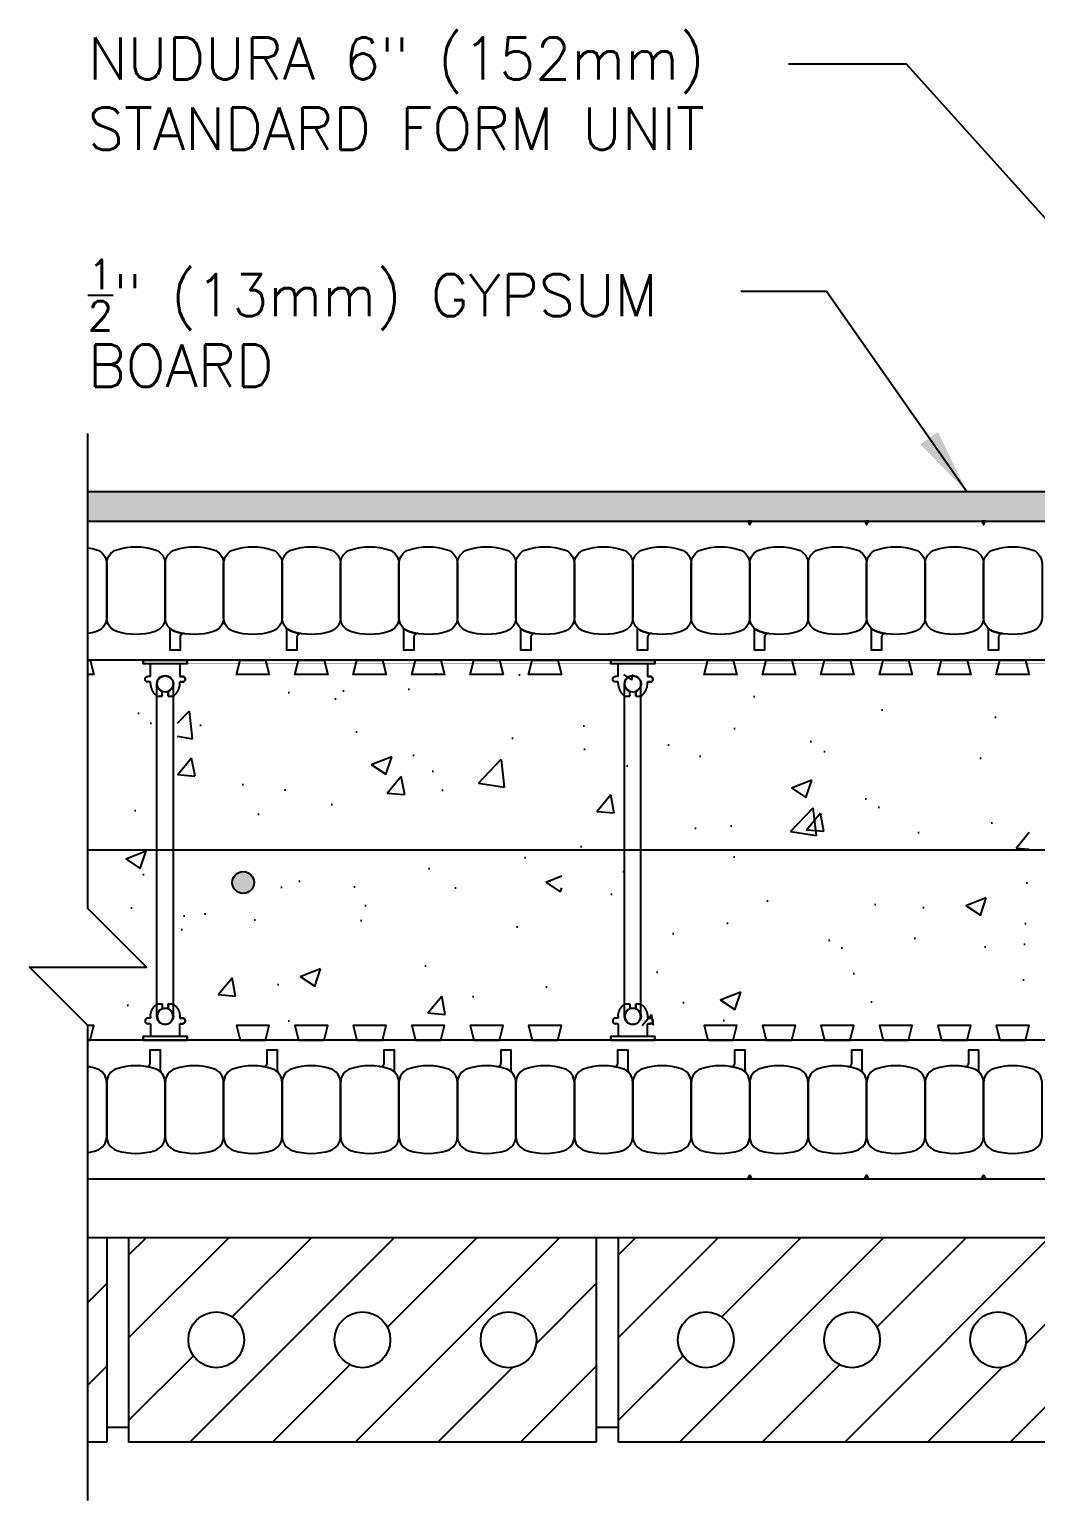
# Model space of a CAD drawing. Header units: inches. Extents: x 2887.6 to 2942.4, y 472.6 to 529.9.
# Drawn here: x 2887.6 to 2904.82, y 504.71 to 529.87 of the extents above; entities that cross this region are included whole.
import ezdxf

# ---------------------------------------------------------------- set-up
doc = ezdxf.new("R2010")
doc.units = ezdxf.units.IN
doc.header["$LTSCALE"] = 3
doc.header["$MEASUREMENT"] = 0
doc.layers.get('0').update_dxf_attribs({"linetype": 'CONTINUOUS'})
for name, color, linetype in [('HATCH', 12, 'CONTINUOUS'), ('LINE18', 9, 'CONTINUOUS'), ('line25', 2, 'CONTINUOUS'), ('LINE50', 5, 'CONTINUOUS'), ('LINE65', 3, 'CONTINUOUS'), ('LINE9', 9, 'CONTINUOUS'), ('TEXT', 4, 'CONTINUOUS')]:
    doc.layers.add(name, color=color, linetype=linetype)
doc.styles.add('DIM', font='romans.shx', dxfattribs={"width": 0.7})
doc.styles.get("Standard").update_dxf_attribs({"font": 'romans.shx'})
doc.dimstyles.new('ext_12', dxfattribs={"dimscale": 12, "dimtxt": 0.09375, "dimasz": 0.09375, "dimexe": 0.09375, "dimexo": 0.0625, "dimgap": 0.0625, "dimtad": 1, "dimdec": 1, "dimzin": 3, "dimdsep": 46, "dimlunit": 4, "dimtxsty": 'DIM', "dimcen": 0.09, "dimdle": 0.09375, "dimclrt": 4, "dimadec": 0, "dimazin": 0, "dimtfac": 1, "dimtdec": 1, "dimtmove": 2, "dimatfit": 3, "dimfxl": 0, "dimfrac": 2, "dimtolj": 1, "dimtzin": 0, "dimarcsym": 0})

# ---------------------------------------------------------------- blocks, each defined once
blk = doc.blocks.new('Connector')
blk.add_point((0.271, 0))
at = {"layer": 'LINE9'}
for p, q in [((0, 0.375), (0, -0.375)), ((0.062, -0.375), (0.062, 0.375)), ((0.281, 0.25), (0.062, 0.25))]:
    blk.add_line(p, q, dxfattribs=at)
for points, weights in [([(0.007, 0.375), (0.004, 0.375), (0, 0.375)], [1, 0.972587069138, 0.950305488115]), ([(0.327, 0.343), (0.308, 0.343), (0.281, 0.317), (0.281, 0.297)], [1, 0.85355339, 0.85355339, 1]), ([(0.328, 0.343), (0.327, 0.343), (0.327, 0.343)], [1, 0.70710678, 1]), ([(0.375, 0.297), (0.375, 0.317), (0.348, 0.343), (0.329, 0.343)], [1, 0.85355339, 0.85355339, 1]), ([(0.406, 0.25), (0.546, 0.25), (0.619, 0.131)], [0.958404415409, 0.794674173519, 0.864651571113]), ([(0.619, 0.052), (0.612, 0.049), (0.604, 0.049)], [0.83615024178, 0.892081430621, 1]), ([(0.619, -0.131), (0.546, -0.25), (0.406, -0.25)], [0.864651574428, 0.794674169686, 0.958404415195]), ([(0.604, -0.049), (0.612, -0.049), (0.619, -0.052)], [1, 0.89208144177, 0.836150253337]), ([(0, -0.375), (0.004, -0.375), (0.007, -0.375)], [0.950305488115, 0.972587069138, 1]), ([(0.281, -0.297), (0.281, -0.317), (0.308, -0.343), (0.327, -0.343)], [1, 0.85355339, 0.85355339, 1]), ([(0.327, -0.343), (0.281, -0.343), (0.281, -0.297)], [1, 0.70710678, 1]), ([(0.329, -0.343), (0.348, -0.343), (0.375, -0.317), (0.375, -0.297)], [1, 0.85355339, 0.85355339, 1]), ([(0.375, -0.297), (0.375, -0.343), (0.329, -0.343)], [1, 0.70710678, 1])]:
    blk.add_rational_spline(points, weights, degree=2, dxfattribs=at)
for points, degree in [([(0, 0.375), (0.002, 0.375), (0.005, 0.375), (0.007, 0.375)], 3), ([(0.007, 0.375), (0.021, 0.375), (0.051, 0.375), (0.062, 0.375), (0.062, 0.375)], 3), ([(0.281, 0.25), (0.281, 0.297)], 1), ([(0.327, 0.343), (0.327, 0.343), (0.328, 0.343), (0.328, 0.343)], 3), ([(0.328, 0.343), (0.329, 0.343), (0.329, 0.343), (0.329, 0.343)], 3), ([(0.375, 0.25), (0.375, 0.297)], 1), ([(0.406, 0.25), (0.375, 0.25)], 1), ([(0.604, 0.049), (0.532, 0.049)], 1), ([(0.604, 0.049), (0.609, 0.049), (0.614, 0.05), (0.619, 0.052)], 3), ([(0.619, 0.131), (0.619, 0.052)], 1), ([(0.062, -0.25), (0.281, -0.25)], 1), ([(0.281, -0.297), (0.281, -0.25)], 1), ([(0.281, -0.25), (0.281, -0.297)], 1), ([(0.375, -0.25), (0.375, -0.297)], 1), ([(0.375, -0.297), (0.375, -0.25)], 1), ([(0.406, -0.25), (0.375, -0.25)], 1), ([(0.532, -0.049), (0.604, -0.049)], 1), ([(0.604, -0.049), (0.58, -0.049), (0.556, -0.049), (0.532, -0.049)], 3), ([(0.619, -0.052), (0.614, -0.05), (0.609, -0.049), (0.604, -0.049)], 3), ([(0.619, -0.052), (0.619, -0.131)], 1), ([(0.007, -0.375), (0.005, -0.375), (0.002, -0.375), (0, -0.375)], 3), ([(0.062, -0.375), (0.062, -0.375), (0.051, -0.375), (0.021, -0.375), (0.007, -0.375)], 3), ([(0.328, -0.343), (0.328, -0.343), (0.327, -0.343), (0.327, -0.343)], 3), ([(0.329, -0.343), (0.329, -0.343), (0.329, -0.343), (0.328, -0.343)], 3)]:
    blk.add_open_spline(points, degree=degree, dxfattribs=at)
for points, weights, knots in [([(0.062, 0.375), (0.062, 0.375), (0.046, 0.375), (0.03, 0.375), (0.007, 0.375)], [0.868718858569, 0.861102746415, 1, 0.861102734288, 0.868718859898], [0, 0, 0, 0.5, 0.5, 1, 1, 1]), ([(0.532, 0.049), (0.472, 0.203), (0.333, 0.113), (0.157, 0), (0.333, -0.113), (0.472, -0.203), (0.532, -0.049)], [0.899508922286, 0.599718215298, 1, 0.54226024, 1, 0.599718224335, 0.899508908749], [0, 0, 0, 0.318112, 0.318112, 0.681888, 0.681888, 1, 1, 1]), ([(0.007, -0.375), (0.03, -0.375), (0.046, -0.375), (0.062, -0.375), (0.062, -0.375)], [0.868718859319, 0.861102739573, 1, 0.861102742958, 0.868718858948], [0, 0, 0, 0.5, 0.5, 1, 1, 1])]:
    blk.add_rational_spline(points, weights, degree=2, knots=knots, dxfattribs=at)
for points in [[(0.406, 0.25), (0.406, 0.25), (0.406, 0.25), (0.406, 0.25), (0.406, 0.25), (0.406, 0.25), (0.406, 0.25)], [(0.406, 0.25), (0.406, 0.25), (0.406, 0.25), (0.406, 0.25), (0.406, 0.25), (0.406, 0.25), (0.406, 0.25)], [(0.406, 0.25), (0.406, 0.25), (0.406, 0.25), (0.406, 0.25), (0.406, 0.25), (0.406, 0.25), (0.406, 0.25)], [(0.406, 0.25), (0.406, 0.25), (0.406, 0.25), (0.406, 0.25), (0.406, 0.25), (0.406, 0.25), (0.406, 0.25)], [(0.406, 0.25), (0.406, 0.25), (0.406, 0.25), (0.406, 0.25), (0.406, 0.25), (0.406, 0.25), (0.406, 0.25)], [(0.406, 0.25), (0.406, 0.25), (0.406, 0.25), (0.406, 0.25), (0.406, 0.25), (0.406, 0.25), (0.406, 0.25)], [(0.406, 0.25), (0.406, 0.25), (0.406, 0.25), (0.406, 0.25), (0.406, 0.25), (0.406, 0.25), (0.406, 0.25)], [(0.406, 0.25), (0.406, 0.25), (0.406, 0.25), (0.406, 0.25), (0.406, 0.25), (0.406, 0.25), (0.406, 0.25)], [(0.406, 0.25), (0.406, 0.25), (0.406, 0.25), (0.406, 0.25), (0.406, 0.25), (0.406, 0.25), (0.406, 0.25)], [(0.406, 0.25), (0.406, 0.25), (0.406, 0.25), (0.406, 0.25), (0.406, 0.25), (0.406, 0.25), (0.406, 0.25)], [(0.406, 0.25), (0.406, 0.25), (0.406, 0.25), (0.406, 0.25), (0.406, 0.25), (0.406, 0.25), (0.406, 0.25)], [(0.406, 0.25), (0.406, 0.25), (0.406, 0.25), (0.406, 0.25), (0.406, 0.25), (0.406, 0.25), (0.406, 0.25)], [(0.406, 0.25), (0.406, 0.25), (0.406, 0.25), (0.406, 0.25), (0.406, 0.25), (0.406, 0.25), (0.406, 0.25)], [(0.406, 0.25), (0.406, 0.25), (0.406, 0.25), (0.406, 0.25), (0.406, 0.25), (0.406, 0.25), (0.406, 0.25)], [(0.406, 0.25), (0.406, 0.25), (0.406, 0.25), (0.406, 0.25), (0.406, 0.25), (0.406, 0.25), (0.406, 0.25)], [(0.406, 0.25), (0.406, 0.25), (0.406, 0.25), (0.406, 0.25), (0.406, 0.25), (0.406, 0.25), (0.406, 0.25)], [(0.406, 0.25), (0.406, 0.25), (0.406, 0.25), (0.406, 0.25), (0.406, 0.25), (0.406, 0.25), (0.406, 0.25)], [(0.406, 0.25), (0.406, 0.25), (0.406, 0.25), (0.406, 0.25), (0.406, 0.25), (0.406, 0.25), (0.406, 0.25)], [(0.406, 0.25), (0.406, 0.25), (0.406, 0.25), (0.406, 0.25), (0.406, 0.25), (0.406, 0.25), (0.406, 0.25)], [(0.406, 0.25), (0.406, 0.25), (0.406, 0.25), (0.406, 0.25), (0.406, 0.25), (0.406, 0.25), (0.406, 0.25)], [(0.406, 0.25), (0.406, 0.25), (0.406, 0.25), (0.406, 0.25), (0.406, 0.25), (0.406, 0.25), (0.406, 0.25)], [(0.406, 0.25), (0.406, 0.25), (0.406, 0.25), (0.406, 0.25), (0.406, 0.25), (0.406, 0.25), (0.406, 0.25)], [(0.406, 0.25), (0.406, 0.25), (0.406, 0.25), (0.406, 0.25), (0.406, 0.25), (0.406, 0.25), (0.406, 0.25)], [(0.406, 0.25), (0.406, 0.25), (0.406, 0.25), (0.406, 0.25), (0.406, 0.25), (0.406, 0.25), (0.406, 0.25)], [(0.532, 0.049), (0.532, 0.049), (0.532, 0.049), (0.532, 0.049), (0.532, 0.049), (0.532, 0.049), (0.532, 0.049)], [(0.532, 0.049), (0.532, 0.049), (0.532, 0.049), (0.532, 0.049), (0.532, 0.049), (0.532, 0.049), (0.532, 0.049)], [(0.532, 0.049), (0.532, 0.049), (0.532, 0.049), (0.532, 0.049), (0.532, 0.049), (0.532, 0.049), (0.532, 0.049)], [(0.532, 0.049), (0.532, 0.049), (0.532, 0.049), (0.532, 0.049), (0.532, 0.049), (0.532, 0.049), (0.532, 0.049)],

▶ [WHAT IS BEING ASKED] Count the lines above that contain the word "name", and reply with only that number.

▶ [ANSWER TO THIS PROBLEM] 2